In the logistic model of population growth, every population that starts greater than zero will eventually reach the carrying capacity. However, many natural populations are not viable below a minimum threshold. That can happen because that species depends on social interactions, or because the mere aggregation in space raises the chance of individual survival.
In this tutorial, you will see how a simple adaptation of the logistic equation creates a model that describes the Allee effect. You will also see that this new model has one more stable equilibrium point.
The logistic equation for population growth is normally expressed as:
\begin{equation} \label{eq:logistica} \frac{dN}{dt} ~ = ~ rN \left( 1- \frac{N}{K} \right) \end{equation}
Where * $N$ = population size at time $t$ * $r$ = intrinsic growth rate * $K$ = carrying capacity
The Allee effect can be included as one more term of the logistic growth:
\begin{equation} \label{eq:allee} \frac{dN}{dt} ~ = ~ rN \left( 1- \frac{N}{K} \right) \left(\frac{N-a}{K}\right) \end{equation}
Here, $a$ is the minimum viable population size.
Here we will see an interactive graph1) of the population growth speed ($V=dN/dt$) as a function of the population size, considering the Allee effect (equation $\ref{eq:allee}$).
Click Evaluate
and you will see a menu in which you can change the model parameters. The option Evaluation point
defines the tangency point of the speed velocity curve as a function of $N$. The tangent line in this point is the derivative of the speed as a function of the population size (that is, $dV/dN$, not to be confounded with $dN/dt$), evaluated at this point.
The population sizes that are in equilibrium are those in which the growth speed is zero. These points are stable if the derivative $dV/dt$ in this point is negative2).
- Which are the equilibrium points? - Which of the equilibrium points are stable? - What is the difference, regarding equilibria and stability, in relation to the simple logistic model?
The derivative of the growth speed in the equilibrium points indicate which points are locally stable3). But this analysis don't tell us about resilience, which is the capacity of the system to return to the equilibrium after a non-infinitesimal perturbation.
Let's use the numerical simulation of the equation $\ref{eq:allee}$ to assess the local stability and the resilience of the equilibrium points. Click the Evaluate
button to begin. An option menu will open up, and you can change the model parameters and also add perturbation to the population, adding or subtracting as much as 20 individuals. The option Disturb
defined the size of the disturbance, and the option Disturb time
the moment in which it occurs.
- Which parameters affect the resilience of each stable point? Is it possible to increase both points resiliences at the same time?
Our model has locally stable equilibrium points that are separated by an unstable point. Thus, the system has alternative states. These states have a certain resilience, because they resist to a certain amount of perturbation.

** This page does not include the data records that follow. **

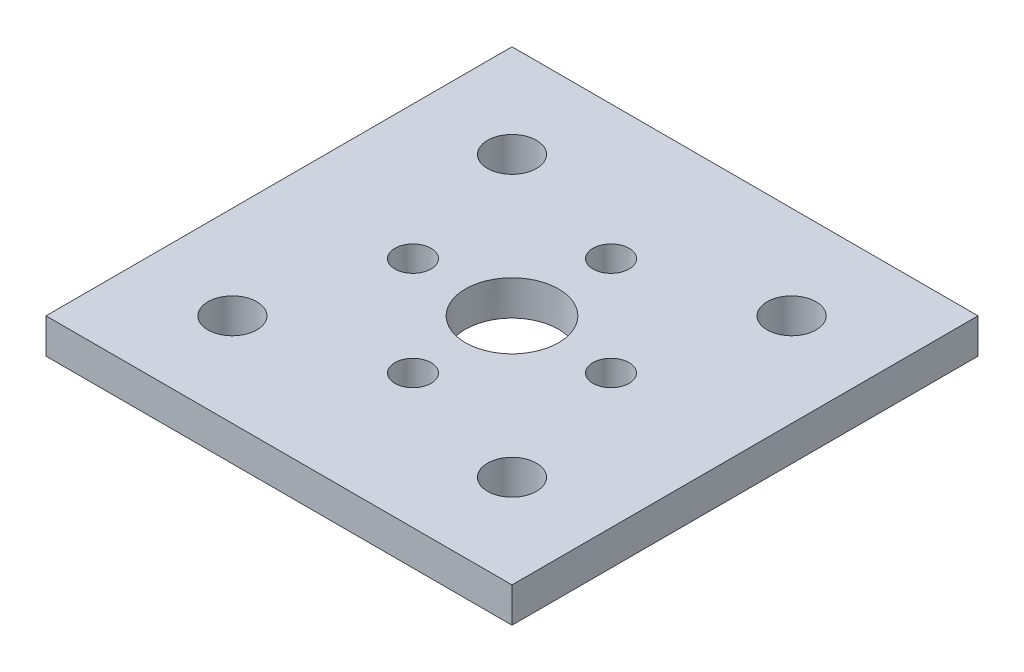
ISO-10303-21;
HEADER;
FILE_DESCRIPTION(('STEP AP214'),'2;1');
FILE_NAME('part.step','',(''),(''),'','','');
FILE_SCHEMA(('AUTOMOTIVE_DESIGN { 1 0 10303 214 1 1 1 1 }'));
ENDSEC;
DATA;
#1=APPLICATION_CONTEXT('core data for automotive mechanical design processes');
#2=APPLICATION_PROTOCOL_DEFINITION('international standard','automotive_design',2000,#1);
#3=PRODUCT_CONTEXT('',#1,'mechanical');
#4=PRODUCT('Part','Part','',(#3));
#5=PRODUCT_RELATED_PRODUCT_CATEGORY('part','',(#4));
#6=PRODUCT_DEFINITION_FORMATION('','',#4);
#7=PRODUCT_DEFINITION_CONTEXT('part definition',#1,'design');
#8=PRODUCT_DEFINITION('design','',#6,#7);
#9=PRODUCT_DEFINITION_SHAPE('','',#8);
#10=(LENGTH_UNIT() NAMED_UNIT(*) SI_UNIT(.MILLI.,.METRE.));
#11=(NAMED_UNIT(*) PLANE_ANGLE_UNIT() SI_UNIT($,.RADIAN.));
#12=(NAMED_UNIT(*) SI_UNIT($,.STERADIAN.) SOLID_ANGLE_UNIT());
#13=UNCERTAINTY_MEASURE_WITH_UNIT(LENGTH_MEASURE(1.E-05),#10,'distance_accuracy_value','');
#14=(GEOMETRIC_REPRESENTATION_CONTEXT(3) GLOBAL_UNCERTAINTY_ASSIGNED_CONTEXT((#13)) GLOBAL_UNIT_ASSIGNED_CONTEXT((#10,
#11,#12)) REPRESENTATION_CONTEXT('',''));
#15=CARTESIAN_POINT('',(0.,0.,0.));
#16=DIRECTION('',(0.,0.,1.));
#17=DIRECTION('',(1.,0.,0.));
#18=AXIS2_PLACEMENT_3D('',#15,#16,#17);
#19=CARTESIAN_POINT('',(-20.,-3.,-20.));
#20=DIRECTION('',(0.,0.,1.));
#21=DIRECTION('',(1.,0.,0.));
#22=AXIS2_PLACEMENT_3D('',#19,#20,#21);
#23=PLANE('',#22);
#24=DIRECTION('',(0.,1.,0.));
#25=VECTOR('',#24,1.);
#26=CARTESIAN_POINT('',(-20.,-3.,-20.));
#27=LINE('',#26,#25);
#28=CARTESIAN_POINT('',(-20.,-3.,-20.));
#29=VERTEX_POINT('',#28);
#30=CARTESIAN_POINT('',(-20.,0.,-20.));
#31=VERTEX_POINT('',#30);
#32=EDGE_CURVE('E133',#29,#31,#27,.T.);
#33=ORIENTED_EDGE('',*,*,#32,.T.);
#34=DIRECTION('',(-1.,0.,0.));
#35=VECTOR('',#34,1.);
#36=CARTESIAN_POINT('',(-20.,0.,-20.));
#37=LINE('',#36,#35);
#38=CARTESIAN_POINT('',(20.,0.,-20.));
#39=VERTEX_POINT('',#38);
#40=EDGE_CURVE('E126',#39,#31,#37,.T.);
#41=ORIENTED_EDGE('',*,*,#40,.F.);
#42=DIRECTION('',(0.,1.,0.));
#43=VECTOR('',#42,1.);
#44=CARTESIAN_POINT('',(20.,-3.,-20.));
#45=LINE('',#44,#43);
#46=CARTESIAN_POINT('',(20.,-3.,-20.));
#47=VERTEX_POINT('',#46);
#48=EDGE_CURVE('E12',#47,#39,#45,.T.);
#49=ORIENTED_EDGE('',*,*,#48,.F.);
#50=DIRECTION('',(1.,0.,0.));
#51=VECTOR('',#50,1.);
#52=CARTESIAN_POINT('',(-20.,-3.,-20.));
#53=LINE('',#52,#51);
#54=EDGE_CURVE('E187',#29,#47,#53,.T.);
#55=ORIENTED_EDGE('',*,*,#54,.F.);
#56=EDGE_LOOP('',(#33,#41,#49,#55));
#57=FACE_BOUND('',#56,.T.);
#58=ADVANCED_FACE('F111',(#57),#23,.F.);
#59=CARTESIAN_POINT('',(-20.,-3.,20.));
#60=DIRECTION('',(0.,0.,1.));
#61=DIRECTION('',(1.,0.,0.));
#62=AXIS2_PLACEMENT_3D('',#59,#60,#61);
#63=PLANE('',#62);
#64=DIRECTION('',(1.,0.,0.));
#65=VECTOR('',#64,1.);
#66=CARTESIAN_POINT('',(-20.,0.,20.));
#67=LINE('',#66,#65);
#68=CARTESIAN_POINT('',(-20.,0.,20.));
#69=VERTEX_POINT('',#68);
#70=CARTESIAN_POINT('',(20.,0.,20.));
#71=VERTEX_POINT('',#70);
#72=EDGE_CURVE('E154',#69,#71,#67,.T.);
#73=ORIENTED_EDGE('',*,*,#72,.F.);
#74=DIRECTION('',(0.,1.,0.));
#75=VECTOR('',#74,1.);
#76=CARTESIAN_POINT('',(-20.,-3.,20.));
#77=LINE('',#76,#75);
#78=CARTESIAN_POINT('',(-20.,-3.,20.));
#79=VERTEX_POINT('',#78);
#80=EDGE_CURVE('E164',#79,#69,#77,.T.);
#81=ORIENTED_EDGE('',*,*,#80,.F.);
#82=DIRECTION('',(1.,0.,0.));
#83=VECTOR('',#82,1.);
#84=CARTESIAN_POINT('',(-20.,-3.,20.));
#85=LINE('',#84,#83);
#86=CARTESIAN_POINT('',(20.,-3.,20.));
#87=VERTEX_POINT('',#86);
#88=EDGE_CURVE('E181',#79,#87,#85,.T.);
#89=ORIENTED_EDGE('',*,*,#88,.T.);
#90=DIRECTION('',(0.,1.,0.));
#91=VECTOR('',#90,1.);
#92=CARTESIAN_POINT('',(20.,-3.,20.));
#93=LINE('',#92,#91);
#94=EDGE_CURVE('E119',#87,#71,#93,.T.);
#95=ORIENTED_EDGE('',*,*,#94,.T.);
#96=EDGE_LOOP('',(#73,#81,#89,#95));
#97=FACE_BOUND('',#96,.T.);
#98=ADVANCED_FACE('F162',(#97),#63,.T.);
#99=CARTESIAN_POINT('',(20.,-3.,-20.));
#100=DIRECTION('',(-1.,0.,0.));
#101=DIRECTION('',(0.,0.,1.));
#102=AXIS2_PLACEMENT_3D('',#99,#100,#101);
#103=PLANE('',#102);
#104=ORIENTED_EDGE('',*,*,#48,.T.);
#105=DIRECTION('',(0.,0.,-1.));
#106=VECTOR('',#105,1.);
#107=CARTESIAN_POINT('',(20.,0.,20.));
#108=LINE('',#107,#106);
#109=EDGE_CURVE('E168',#71,#39,#108,.T.);
#110=ORIENTED_EDGE('',*,*,#109,.F.);
#111=ORIENTED_EDGE('',*,*,#94,.F.);
#112=DIRECTION('',(0.,0.,1.));
#113=VECTOR('',#112,1.);
#114=CARTESIAN_POINT('',(20.,-3.,-20.));
#115=LINE('',#114,#113);
#116=EDGE_CURVE('E184',#47,#87,#115,.T.);
#117=ORIENTED_EDGE('',*,*,#116,.F.);
#118=EDGE_LOOP('',(#104,#110,#111,#117));
#119=FACE_BOUND('',#118,.T.);
#120=ADVANCED_FACE('F295',(#119),#103,.F.);
#121=CARTESIAN_POINT('',(-20.,-3.,-20.));
#122=DIRECTION('',(-1.,0.,0.));
#123=DIRECTION('',(0.,0.,1.));
#124=AXIS2_PLACEMENT_3D('',#121,#122,#123);
#125=PLANE('',#124);
#126=DIRECTION('',(0.,0.,1.));
#127=VECTOR('',#126,1.);
#128=CARTESIAN_POINT('',(-20.,0.,20.));
#129=LINE('',#128,#127);
#130=EDGE_CURVE('E150',#31,#69,#129,.T.);
#131=ORIENTED_EDGE('',*,*,#130,.F.);
#132=ORIENTED_EDGE('',*,*,#32,.F.);
#133=DIRECTION('',(0.,0.,1.));
#134=VECTOR('',#133,1.);
#135=CARTESIAN_POINT('',(-20.,-3.,-20.));
#136=LINE('',#135,#134);
#137=EDGE_CURVE('E172',#29,#79,#136,.T.);
#138=ORIENTED_EDGE('',*,*,#137,.T.);
#139=ORIENTED_EDGE('',*,*,#80,.T.);
#140=EDGE_LOOP('',(#131,#132,#138,#139));
#141=FACE_BOUND('',#140,.T.);
#142=ADVANCED_FACE('F170',(#141),#125,.T.);
#143=CARTESIAN_POINT('',(0.,0.,0.));
#144=DIRECTION('',(0.,-1.,0.));
#145=DIRECTION('',(0.,0.,-1.));
#146=AXIS2_PLACEMENT_3D('',#143,#144,#145);
#147=PLANE('',#146);
#148=CARTESIAN_POINT('',(-8.5,0.,0.));
#149=DIRECTION('',(0.,1.,0.));
#150=DIRECTION('',(0.,0.,1.));
#151=AXIS2_PLACEMENT_3D('',#148,#149,#150);
#152=CIRCLE('',#151,1.55);
#153=CARTESIAN_POINT('',(-8.5,0.,1.54999999999991));
#154=VERTEX_POINT('',#153);
#155=EDGE_CURVE('E192',#154,#154,#152,.T.);
#156=ORIENTED_EDGE('',*,*,#155,.F.);
#157=EDGE_LOOP('',(#156));
#158=FACE_BOUND('',#157,.T.);
#159=CARTESIAN_POINT('',(0.,0.,8.5));
#160=DIRECTION('',(0.,1.,0.));
#161=DIRECTION('',(0.,0.,1.));
#162=AXIS2_PLACEMENT_3D('',#159,#160,#161);
#163=CIRCLE('',#162,1.55);
#164=CARTESIAN_POINT('',(0.,0.,10.05));
#165=VERTEX_POINT('',#164);
#166=EDGE_CURVE('E200',#165,#165,#163,.T.);
#167=ORIENTED_EDGE('',*,*,#166,.F.);
#168=EDGE_LOOP('',(#167));
#169=FACE_BOUND('',#168,.T.);
#170=CARTESIAN_POINT('',(0.,0.,-8.5));
#171=DIRECTION('',(0.,1.,0.));
#172=DIRECTION('',(0.,0.,1.));
#173=AXIS2_PLACEMENT_3D('',#170,#171,#172);
#174=CIRCLE('',#173,1.55);
#175=CARTESIAN_POINT('',(0.,0.,-6.95));
#176=VERTEX_POINT('',#175);
#177=EDGE_CURVE('E208',#176,#176,#174,.T.);
#178=ORIENTED_EDGE('',*,*,#177,.F.);
#179=EDGE_LOOP('',(#178));
#180=FACE_BOUND('',#179,.T.);
#181=CARTESIAN_POINT('',(8.5,0.,0.));
#182=DIRECTION('',(0.,1.,0.));
#183=DIRECTION('',(0.,0.,1.));
#184=AXIS2_PLACEMENT_3D('',#181,#182,#183);
#185=CIRCLE('',#184,1.55);
#186=CARTESIAN_POINT('',(8.5,0.,1.55000000000003));
#187=VERTEX_POINT('',#186);
#188=EDGE_CURVE('E216',#187,#187,#185,.T.);
#189=ORIENTED_EDGE('',*,*,#188,.F.);
#190=EDGE_LOOP('',(#189));
#191=FACE_BOUND('',#190,.T.);
#192=CARTESIAN_POINT('',(0.,0.,0.));
#193=DIRECTION('',(0.,1.,0.));
#194=DIRECTION('',(0.,0.,1.));
#195=AXIS2_PLACEMENT_3D('',#192,#193,#194);
#196=CIRCLE('',#195,4.);
#197=CARTESIAN_POINT('',(0.,0.,4.));
#198=VERTEX_POINT('',#197);
#199=EDGE_CURVE('E220',#198,#198,#196,.T.);
#200=ORIENTED_EDGE('',*,*,#199,.F.);
#201=EDGE_LOOP('',(#200));
#202=FACE_BOUND('',#201,.T.);
#203=ORIENTED_EDGE('',*,*,#130,.T.);
#204=ORIENTED_EDGE('',*,*,#72,.T.);
#205=ORIENTED_EDGE('',*,*,#109,.T.);
#206=ORIENTED_EDGE('',*,*,#40,.T.);
#207=EDGE_LOOP('',(#203,#204,#205,#206));
#208=FACE_BOUND('',#207,.T.);
#209=CARTESIAN_POINT('',(-12.0000000000001,0.,-11.9999999999999));
#210=DIRECTION('',(0.,1.,0.));
#211=DIRECTION('',(0.,0.,1.));
#212=AXIS2_PLACEMENT_3D('',#209,#210,#211);
#213=CIRCLE('',#212,2.1);
#214=CARTESIAN_POINT('',(-12.0000000000001,0.,-9.89999999999988));
#215=VERTEX_POINT('',#214);
#216=EDGE_CURVE('E235',#215,#215,#213,.T.);
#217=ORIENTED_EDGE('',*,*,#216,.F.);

Because of these model features, a population following this model is subject to **abrupt changes of state*. A large enough perturbation may abruptly change the system state from one of the equilibrium points to the other. That is somewhat expected, as it is an abrupt change caused by an abrupt cause.
Much more disturbing5) is the possibility that a small, gradual alteration of the system may cause an abrupt transition. In other words, these systems have a threshold, or a non-linear response to environmental changes.
In our model, a gradual environmental shift that changes the value of the unstable equilibrium - that is, the minimum viable population - may trigger an abrupt change in the population. For example, it may happen that the environmental conditions slowly degrade, up to a point where populations that once were viable are now too small to persist. In our model, that corresponds to an increase in the value of $a$.
Click Evaluate
to open the interactive graphs. The graph to the right show the variation in population size (N) over time (t). The graph to the left shows the growth speed (V) as a function of population size (N).
Use the interactive graphs to simulate an environmental shift that increases the minimum viable population size. The graph simulates a population that is already at the carrying capacity. Slowly increase the value of $a$ and observe the changes in the graphs. Take note of the changes that happen in both graphs as the system gets near the state transition.
* Allee W. C. 1931. Animal aggregations, a study in general sociology. Chicago University Press. * Drake, J. M. & Kramer, A. M. (2011) Allee Effects. Nature Education Knowledge 3(10):2. A complete review on the subject. * Dai L, Vorselen D, Korolev KS, Gore J. 2012. Generic indicators for loss of resilience before a tipping point leading to population collapse. Science. Jun 1;336(6085):1175-7. An ingenious experiment to show the Allee effect in yeast.